Most of the blame will probably be put on Huang. He knew Autopilot couldn’t handle this off-ramp. He had had to grab the wheel at least twice there. He complained about it. He drove it again — and just possibly was even playing a game on part of that drive. Autopilot is an ADAS system, not expected to see everything, expected to make mistakes and need driver correction, which it didn’t get.
Caltrans also could have done better, replacing the barrier sooner, and painting the lines — but the reality is that lines are going to fade, and crash barriers are never going to be replaced instantly, so robocars and ADAS systems have to deal with this. The gore is now brightly painted with added chevrons, and I have driven by it in Autopilot many times with confidence — in fact if there’s one place the Autopilot is not going to have a problem again, it should be here.
It should be noted that this was the investigation in which Tesla was kicked out of participation because they would not follow NTSB rules on staying silent. It was strongly suggested by the NTSB chairman that Elon Musk actually hung up the phone on the chairman at one point. I have sympathy with both sides — the NTSB needs to be able to conduct their investigation independently, but Tesla is a company that lives on internet time, and 2 years of people wondering how and why somebody died using Autopilot is not something they would be fond of.

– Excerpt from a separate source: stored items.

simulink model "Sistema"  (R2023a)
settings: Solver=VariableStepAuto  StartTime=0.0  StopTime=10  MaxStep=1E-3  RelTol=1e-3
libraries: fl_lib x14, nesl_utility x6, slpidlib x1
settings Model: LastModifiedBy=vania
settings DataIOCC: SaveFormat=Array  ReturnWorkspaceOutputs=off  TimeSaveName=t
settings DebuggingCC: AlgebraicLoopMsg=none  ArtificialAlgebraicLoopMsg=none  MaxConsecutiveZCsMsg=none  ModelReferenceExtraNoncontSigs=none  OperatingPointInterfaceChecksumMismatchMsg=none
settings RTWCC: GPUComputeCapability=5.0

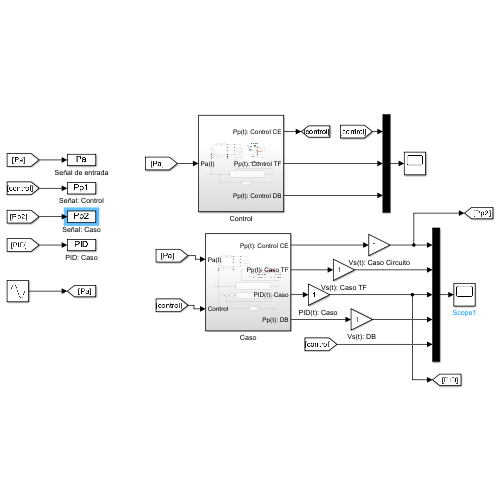
[thumbnail: Simulink's stored preview of the top-level diagram]
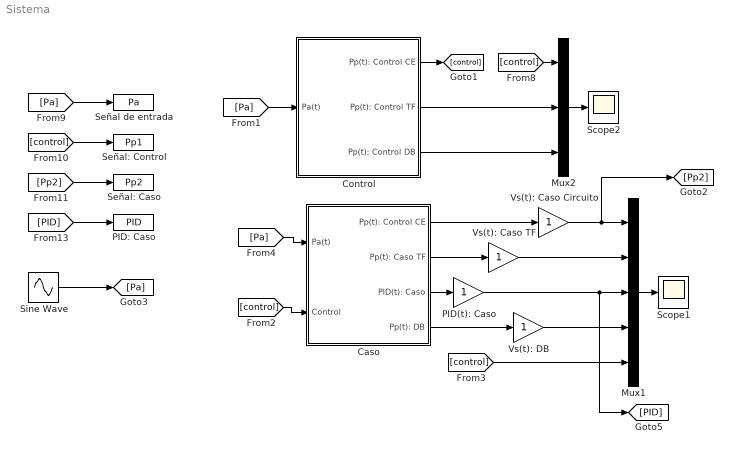
== system Sistema ==
  Caso : Subsystem
  Control : Subsystem
  Mux1 : Mux  Inputs=5
  Mux2 : Mux  Inputs=3
  "PID(t): Caso " : Gain
  PID: Caso : ToWorkspace  VariableName=PID  SampleTime=-1
  Scope1 : Scope
  Scope2 : Scope
  Señal de entrada : ToWorkspace  VariableName=Pa  SampleTime=-1
  Señal: Caso : ToWorkspace  VariableName=Pp2  SampleTime=-1
  Señal: Control : ToWorkspace  VariableName=Pp1  SampleTime=-1
  Sine Wave : Sin  Frequency=pi/2  SampleTime=0
  Vs(t): Caso Circuito : Gain
  Vs(t): Caso TF : Gain
  Vs(t): DB : Gain
  wires:
  Mux2/1 -> Scope2/1
  [Pa] -> Control/1(Pa(t))
  [Pa] -> Señal de entrada/1
  [control] -> Señal: Control/1
  [Pp2] -> Señal: Caso/1
  [PID] -> PID: Caso/1
  Mux1/1 -> Scope1/1
  [control] -> Caso/2(Control)
  Caso/1(Pp(t): Control CE) -> Vs(t): Caso Circuito/1
  [Pa] -> Caso/1(Pa(t))
  Sine Wave/1 -> [Pa]
  Control/1(Pp(t): Control CE) -> [control]
  [control] -> Mux2/1
  Control/3(Pp(t): Control DB) -> Mux2/3
  Control/2(Pp(t): Control TF) -> Mux2/2
  Vs(t): Caso Circuito/1 -> [Pp2], Mux1/1
  Caso/2(Pp(t): Caso TF) -> Vs(t): Caso TF/1
  Vs(t): Caso TF/1 -> Mux1/2
  Caso/4(Pp(t): DB) -> Vs(t): DB/1
  [control] -> Mux1/5
  Vs(t): DB/1 -> Mux1/4
  "PID(t): Caso "/1 -> Mux1/3, [PID]
  Caso/3(PID(t): Caso) -> "PID(t): Caso "/1

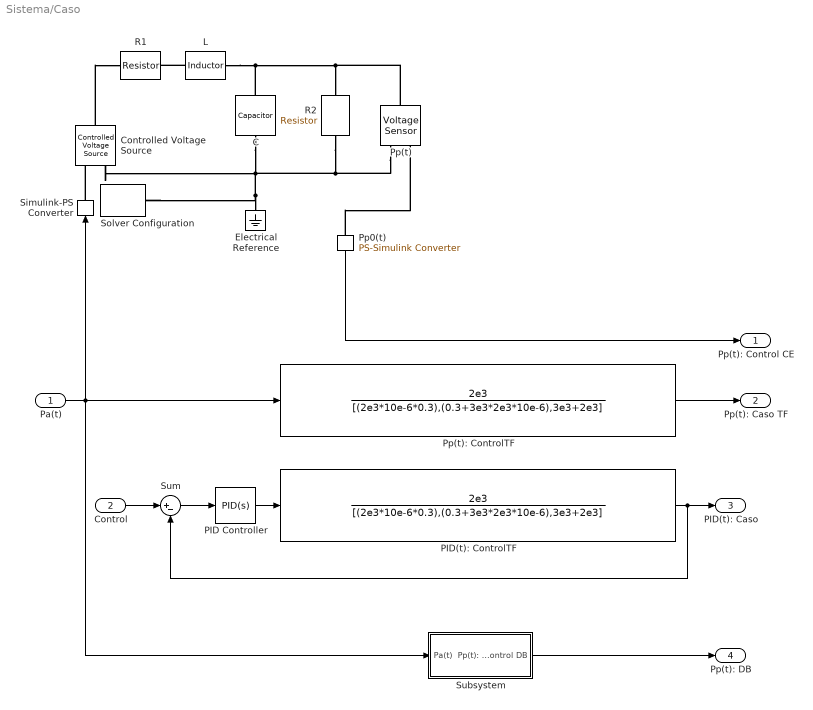
== system Sistema/Caso ==
  Pa(t) : Inport
  Control : Inport  Port=2
  C : fl_lib/Electrical/Electrical Elements/Capacitor  c=10 uF  r=1e-6 Ohm  g=0 1/Ohm  i_specify=off  i_priority=None  i=0 A  i_nominal_specify=off  i_nominal_unit=A  i_nominal_value=1  v_specify=off  v_priority=None  v=0 V  v_nominal_specify=off  v_nominal_unit=V  v_nominal_value=1  vc_specify=off  vc_priority=High  vc=0 V  vc_nominal_specify=off  vc_nominal_unit=V  vc_nominal_value=1
  Controlled Voltage Source : fl_lib/Electrical/Electrical Sources/Controlled Voltage Source
  Electrical Reference : fl_lib/Electrical/Electrical Elements/Electrical Reference
  L : fl_lib/Electrical/Electrical Elements/Inductor  l=300 mH  r=0 Ohm  g=1e-9 1/Ohm  i_specify=off  i_priority=None  i=0 A  i_nominal_specify=off  i_nominal_unit=A  i_nominal_value=1  v_specify=off  v_priority=None  v=0 V  v_nominal_specify=off  v_nominal_unit=V  v_nominal_value=1  i_L_specify=off  i_L_priority=High  i_L=0 A  i_L_nominal_specify=off  i_L_nominal_unit=A  i_L_nominal_value=1
  PID Controller : slpidlib/PID Controller  Controller=PID  Form=Parallel  TimeDomain=Continuous-time  UseExternalTs=off  SampleTime=-1  IntegratorMethod=Forward Euler  FilterMethod=Forward Euler  ControllerParametersSource=internal  P=30.3114976334533  I=8322.60743282108  UseKiTs=off  D=0.00888649215812848  N=3009.32418496381  UseFilter=on  TunerSelectOption=Transfer Function Based (PID Tuner App)  InitialConditionSource=internal  InitialConditionForIntegrator=0  InitialConditionForFilter=0  DifferentiatorICPrevScaledInput=0  ExternalReset=none  TrackingMode=off  Kt=1  LimitOutput=off  SatLimitsSource=internal  UpperSaturationLimit=inf  LowerSaturationLimit=-inf  LinearizeAsGain=on  AntiWindupMode=none  Kb=1  LimitIntegrator=off  UpperIntegratorSaturationLimit=inf  LowerIntegratorSaturationLimit=-inf  POutMin=[]  POutMax=[]  IOutMin=[]  IOutMax=[]  DOutMin=[]  DOutMax=[]  NOutMin=[]  NOutMax=[]  SumOutMin=[]  SumOutMax=[]  SaturationOutMin=[]  SaturationOutMax=[]  PParamMin=[]  PParamMax=[]  IParamMin=[]  IParamMax=[]  DParamMin=[]  DParamMax=[]  NParamMin=[]  NParamMax=[]  KbParamMin=[]  KbParamMax=[]  KtParamMin=[]  KtParamMax=[]  KbOutMin=[]  KbOutMax=[]  KtOutMin=[]  KtOutMax=[]  IntegratorOutMin=[]  IntegratorOutMax=[]  FilterOutMin=[]  FilterOutMax=[]  SumI1OutMin=[]  SumI1OutMax=[]  SumI2OutMin=[]  SumI2OutMax=[]  SumI3OutMin=[]  SumI3OutMax=[]  SumI4OutMin=[]  SumI4OutMax=[]  SumDOutMin=[]  SumDOutMax=[]  DifferentiatorOutMin=[]  DifferentiatorOutMax=[]  FilterDiffOutCoefMin=[]  FilterDiffOutCoefMax=[]  ReciprocalOutMin=[]  ReciprocalOutMax=[]  SumDenOutMin=[]  SumDenOutMax=[]  SumNumOutMin=[]  SumNumOutMax=[]  DivideOutMin=[]  DivideOutMax=[]  UdiffTsProdOutMin=[]  UdiffTsProdOutMax=[]  NTsProdOutMin=[]  NTsProdOutMax=[]  UintegralTsProdOutMin=[]  UintegralTsProdOutMax=[]  UngainTsProdOutMin=[]  UngainTsProdOutMax=[]  ClampingZeroOutDataTypeStr=Inherit: Inherit via back propagation  ClampingZeroOutMin=[]  ClampingZeroOutMax=[]  FilterDenConstantOutDataTypeStr=Inherit: Inherit via back propagation  FilterDenConstantOutMin=[]  FilterDenConstantOutMax=[]  PCopyOutDataTypeStr=Inherit: Inherit via back propagation  PCopyOutMin=[]  PCopyOutMax=[]  NCopyOutDataTypeStr=Inherit: Inherit via back propagation  NCopyOutMin=[]  NCopyOutMax=[]  IntegratorContinuousStateAttributes=''  IntegratorStateMustResolveToSignalObject=off  IntegratorRTWStateStorageClass=Auto  FilterContinuousStateAttributes=''  FilterStateMustResolveToSignalObject=off  FilterRTWStateStorageClass=Auto  ParallelPVariant=InternalParameters  IdealPVariant=Disabled  IVariant=InternalParameters  DVariant=InternalParameters  IntegratorVariant=Continuous  SatVariant=Disabled  AWVariant=Passthrough  PCopyVariant=Disabled  TRVariant=Disabled  FdbkBlocksVariant=Forward  IdealPFdbkVariant=Disabled  SatFdbkVariant=Disabled  DerivativeFilterVariant=ContFilter  NVariant=InternalParameters  NCopyVariant=Disabled  FilterICVariant=InternalICsFilter  IntegratorICVariant=InternalICs  ExternalResetVariant=Disabled  TRSumVariant=Passthrough  SumFdbkVariant=Disabled  SumVariant=Sum_PID  TsampFilterVariant=InternalTs  TsampNgainVariant=Passthrough  TsampIntegralVariant=Disabled_SignalSpec  ExternalSaturationOutDataTypeStr=Inherit: Same as second input
  PID(t): ControlTF : TransferFcn  Numerator=[2e3]  Denominator=[(2e3*10e-6*0.3),(0.3+3e3*2e3*10e-6),3e3+2e3]
  Pp(t) : fl_lib/Electrical/Electrical Sensors/Voltage Sensor
  Pp(t): ControlTF : TransferFcn  Numerator=[2e3]  Denominator=[(2e3*10e-6*0.3),(0.3+3e3*2e3*10e-6),3e3+2e3]
  Pp0(t) : nesl_utility/PS-Simulink Converter  PhysicalDomain=network_engine_domain  SubClassName=ps_output  LeftPortType=input  RightPortType=output  PseudoPeriodic=off  Frequencies=[]  VectorFormat=1-D array  Unit=inherit  AffineConversion=off
  R1 : fl_lib/Electrical/Electrical Elements/Resistor  R=3e3 Ohm  i_specify=off  i_priority=None  i=0 A  i_nominal_specify=off  i_nominal_unit=A  i_nominal_value=1  v_specify=off  v_priority=None  v=0 V  v_nominal_specify=off  v_nominal_unit=V  v_nominal_value=1
  R2 : fl_lib/Electrical/Electrical Elements/Resistor  R=2e3 Ohm  i_specify=off  i_priority=None  i=0 A  i_nominal_specify=off  i_nominal_unit=A  i_nominal_value=1  v_specify=off  v_priority=None  v=0 V  v_nominal_specify=off  v_nominal_unit=V  v_nominal_value=1
  Simulink-PS Converter : nesl_utility/Simulink-PS Converter  PhysicalDomain=network_engine_domain  SubClassName=ps_input  LeftPortType=input  RightPortType=output  PseudoPeriodic=off  Frequencies=[]  NoiseDistribution=none  NoiseParameters=[]  Unit=1  AffineConversion=off  FilteringAndDerivatives=provide  SimscapeFilterOrder=1  InputFilterTimeConstant=0.001  UdotUserProvided=0
  Solver Configuration : nesl_utility/Solver Configuration  PhysicalDomain=network_engine_domain  SubClassName=solver  LeftPortType=input  RightPortType=generic  Tones=[]  Harmonics=[]  SimulateNoise=off  Profile=off  UseLocalSampling=off  EnableSwitchedLinearOptims=on  FrequencyDomain=off  UseCCode=off  RelTol=0.001  AbsTol=0.001  MinStep=1e-09  ToWorkspace=off  RevertToSquareIcSolve=off  NumHomotopyIterations=100  PhasorMode=off  PhasorModeNumHarmonics=1  ConsistencySolver=NEWTON_XTOL_AFTER_FTOL  IndexReductionMethod=DerivativeReplacement  DoDC=off  ResidualTolerance=1e-09  ConsistencyTolSource=GLOBAL  ConsistencyAbsTol=0.001  ConsistencyRelTol=0.001  ConsistencyTolFactor=0.001  UseLocalSolver=off  LocalSolverChoice=NE_BACKWARD_EULER_ADVANCER  ResolveIndetEquations=on  FunctionEvalNumThread=1  LocalSolverSampleTime=0.001  DoFixedCost=off  MaxNonlinIter=3  MaxModeIter=2  ComputeImpulses=off  ImpulseIterations=2  LinearAlgebra=auto  LinearAlgebraNumThread=0  EquationFormulation=NE_TIME_EF  DelaysMemoryBudget=1024  AutomaticFiltering=on  FilteringTimeConstant=0.001  PartitionStorageMethod=AS_NEEDED  PartitionMemoryBudget=1024  PartitionMethod=ROBUST
  Subsystem : Subsystem
  Sum : Sum  Inputs=|+-
  Pp(t): Control CE : Outport
  Pp(t): Caso TF : Outport  Port=2
  PID(t): Caso : Outport  Port=3
  Pp(t): DB : Outport  Port=4
  wires:
  Sum/1 -> PID Controller/1
  Control/1 -> Sum/1
  PID(t): ControlTF/1 -> Sum/2, PID(t): Caso/1
  Pp(t): ControlTF/1 -> Pp(t): Caso TF/1
  Pp0(t)/1 -> Pp(t): Control CE/1
  Pa(t)/1 -> Pp(t): ControlTF/1, Subsystem/1(Pa(t)), Simulink-PS Converter/1
  PID Controller/1 -> PID(t): ControlTF/1
  Subsystem/1(Pp(t): Control DB) -> Pp(t): DB/1
  connections:
  R2/LConn1 -- Pp(t)/RConn2 -- Controlled Voltage Source/RConn2 -- Solver Configuration/RConn1 -- Electrical Reference/LConn1 -- C/LConn1
  Pp(t)/LConn1 -- L/RConn1 -- C/RConn1 -- R2/RConn1
  Simulink-PS Converter/RConn1 -- Controlled Voltage Source/RConn1
  Pp0(t)/LConn1 -- Pp(t)/RConn1
  Controlled Voltage Source/LConn1 -- R1/LConn1
  L/LConn1 -- R1/RConn1

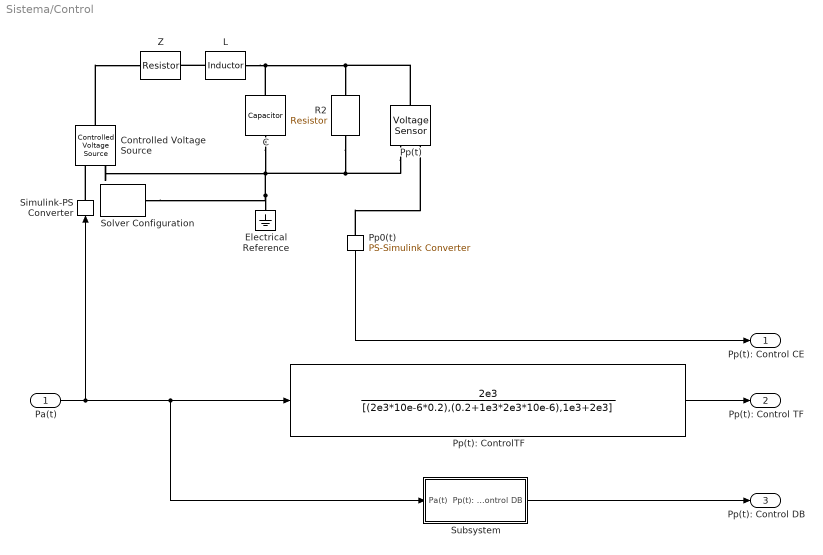
== system Sistema/Control ==
  Pa(t) : Inport
  C : fl_lib/Electrical/Electrical Elements/Capacitor  c=10 uF  r=1e-6 Ohm  g=0 1/Ohm  i_specify=off  i_priority=None  i=0 A  i_nominal_specify=off  i_nominal_unit=A  i_nominal_value=1  v_specify=off  v_priority=None  v=0 V  v_nominal_specify=off  v_nominal_unit=V  v_nominal_value=1  vc_specify=off  vc_priority=High  vc=0 V  vc_nominal_specify=off  vc_nominal_unit=V  vc_nominal_value=1
  Controlled Voltage Source : fl_lib/Electrical/Electrical Sources/Controlled Voltage Source
  Electrical Reference : fl_lib/Electrical/Electrical Elements/Electrical Reference
  L : fl_lib/Electrical/Electrical Elements/Inductor  l=200 mH  r=0 Ohm  g=1e-9 1/Ohm  i_specify=off  i_priority=None  i=0 A  i_nominal_specify=off  i_nominal_unit=A  i_nominal_value=1  v_specify=off  v_priority=None  v=0 V  v_nominal_specify=off  v_nominal_unit=V  v_nominal_value=1  i_L_specify=off  i_L_priority=High  i_L=0 A  i_L_nominal_specify=off  i_L_nominal_unit=A  i_L_nominal_value=1
  Pp(t) : fl_lib/Electrical/Electrical Sensors/Voltage Sensor
  Pp(t): ControlTF : TransferFcn  Numerator=[2e3]  Denominator=[(2e3*10e-6*0.2),(0.2+1e3*2e3*10e-6),1e3+2e3]
  Pp0(t) : nesl_utility/PS-Simulink Converter  PhysicalDomain=network_engine_domain  SubClassName=ps_output  LeftPortType=input  RightPortType=output  PseudoPeriodic=off  Frequencies=[]  VectorFormat=1-D array  Unit=inherit  AffineConversion=off
  R2 : fl_lib/Electrical/Electrical Elements/Resistor  R=2e3 Ohm  i_specify=off  i_priority=None  i=0 A  i_nominal_specify=off  i_nominal_unit=A  i_nominal_value=1  v_specify=off  v_priority=None  v=0 V  v_nominal_specify=off  v_nominal_unit=V  v_nominal_value=1
  Simulink-PS Converter : nesl_utility/Simulink-PS Converter  PhysicalDomain=network_engine_domain  SubClassName=ps_input  LeftPortType=input  RightPortType=output  PseudoPeriodic=off  Frequencies=[]  NoiseDistribution=none  NoiseParameters=[]  Unit=1  AffineConversion=off  FilteringAndDerivatives=provide  SimscapeFilterOrder=1  InputFilterTimeConstant=0.001  UdotUserProvided=0
  Solver Configuration : nesl_utility/Solver Configuration  PhysicalDomain=network_engine_domain  SubClassName=solver  LeftPortType=input  RightPortType=generic  Tones=[]  Harmonics=[]  SimulateNoise=off  Profile=off  UseLocalSampling=off  EnableSwitchedLinearOptims=on  FrequencyDomain=off  UseCCode=off  RelTol=0.001  AbsTol=0.001  MinStep=1e-09  ToWorkspace=off  RevertToSquareIcSolve=off  NumHomotopyIterations=100  PhasorMode=off  PhasorModeNumHarmonics=1  ConsistencySolver=NEWTON_XTOL_AFTER_FTOL  IndexReductionMethod=DerivativeReplacement  DoDC=off  ResidualTolerance=1e-09  ConsistencyTolSource=GLOBAL  ConsistencyAbsTol=0.001  ConsistencyRelTol=0.001  ConsistencyTolFactor=0.001  UseLocalSolver=off  LocalSolverChoice=NE_BACKWARD_EULER_ADVANCER  ResolveIndetEquations=on  FunctionEvalNumThread=1  LocalSolverSampleTime=0.001  DoFixedCost=off  MaxNonlinIter=3  MaxModeIter=2  ComputeImpulses=off  ImpulseIterations=2  LinearAlgebra=auto  LinearAlgebraNumThread=0  EquationFormulation=NE_TIME_EF  DelaysMemoryBudget=1024  AutomaticFiltering=on  FilteringTimeConstant=0.001  PartitionStorageMethod=AS_NEEDED  PartitionMemoryBudget=1024  PartitionMethod=ROBUST
  Subsystem : Subsystem
  Z : fl_lib/Electrical/Electrical Elements/Resistor  R=1e3 Ohm  i_specify=off  i_priority=None  i=0 A  i_nominal_specify=off  i_nominal_unit=A  i_nominal_value=1  v_specify=off  v_priority=None  v=0 V  v_nominal_specify=off  v_nominal_unit=V  v_nominal_value=1
  Pp(t): Control CE : Outport
  Pp(t): Control TF : Outport  Port=2
  Pp(t): Control DB : Outport  Port=3
  wires:
  Pp0(t)/1 -> Pp(t): Control CE/1
  Pp(t): ControlTF/1 -> Pp(t): Control TF/1
  Pa(t)/1 -> Subsystem/1(Pa(t)), Pp(t): ControlTF/1, Simulink-PS Converter/1
  Subsystem/1(Pp(t): Control DB) -> Pp(t): Control DB/1
  connections:
  Pp0(t)/LConn1 -- Pp(t)/RConn1
  Simulink-PS Converter/RConn1 -- Controlled Voltage Source/RConn1
  Controlled Voltage Source/RConn2 -- Pp(t)/RConn2 -- R2/LConn1 -- Solver Configuration/RConn1 -- Electrical Reference/LConn1 -- C/LConn1
  Controlled Voltage Source/LConn1 -- Z/LConn1
  Pp(t)/LConn1 -- L/RConn1 -- C/RConn1 -- R2/RConn1
  L/LConn1 -- Z/RConn1

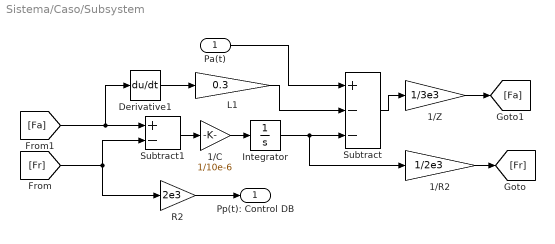
== system Sistema/Caso/Subsystem ==
  Pa(t) : Inport
  1/C : Gain  Gain=1/10e-6
  1/R2 : Gain  Gain=1/2e3
  1/Z : Gain  Gain=1/3e3
  Derivative1 : Derivative
  Integrator : Integrator
  L1 : Gain  Gain=0.3
  R2 : Gain  Gain=2e3
  Subtract : Sum  Inputs=+--
  Subtract1 : Sum  Inputs=+-
  Pp(t): Control DB : Outport
  wires:
  Derivative1/1 -> L1/1
  L1/1 -> Subtract/2
  1/Z/1 -> [Fa]
  [Fr] -> R2/1, Subtract1/2
  1/R2/1 -> [Fr]
  1/C/1 -> Integrator/1
  Subtract/1 -> 1/Z/1
  R2/1 -> Pp(t): Control DB/1
  Pa(t)/1 -> Subtract/1
  Subtract1/1 -> 1/C/1
  [Fa] -> Derivative1/1, Subtract1/1
  Integrator/1 -> 1/R2/1, Subtract/3

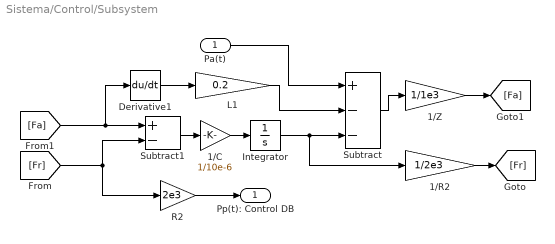
== system Sistema/Control/Subsystem ==
  Pa(t) : Inport
  1/C : Gain  Gain=1/10e-6
  1/R2 : Gain  Gain=1/2e3
  1/Z : Gain  Gain=1/1e3
  Derivative1 : Derivative
  Integrator : Integrator
  L1 : Gain  Gain=0.2
  R2 : Gain  Gain=2e3
  Subtract : Sum  Inputs=+--
  Subtract1 : Sum  Inputs=+-
  Pp(t): Control DB : Outport
  wires:
  [Fa] -> Derivative1/1, Subtract1/1
  [Fr] -> R2/1, Subtract1/2
  Subtract1/1 -> 1/C/1
  1/C/1 -> Integrator/1
  R2/1 -> Pp(t): Control DB/1
  Pa(t)/1 -> Subtract/1
  Integrator/1 -> 1/R2/1, Subtract/3
  Subtract/1 -> 1/Z/1
  1/Z/1 -> [Fa]
  1/R2/1 -> [Fr]
  L1/1 -> Subtract/2
  Derivative1/1 -> L1/1

Tesla won’t get blame, but there are lessons about how it can do better, and what it probably should do in building its supposed “full self driving” offering and eventual “real true actual fully full self driving” that is as yet in the more distant future. After this accident, Tesla improved their reading of faded lane markers like this, and their detection of stationary objects, though they have still had subsequent crashes into surprising stationary objects because it’s hard to detect those 100% with just cameras and radar, and Tesla is committed to using just those approaches.
In fact, a year later another Tesla would crash into the broadside of a truck in Florida again. While the truck was moving across the road, this is treated like a stationary object by radar, and similar factors may play a role there. The NTSB just released their preliminary docket but it does not yet contain analysis of what the Tesla Autopilot did during that accident.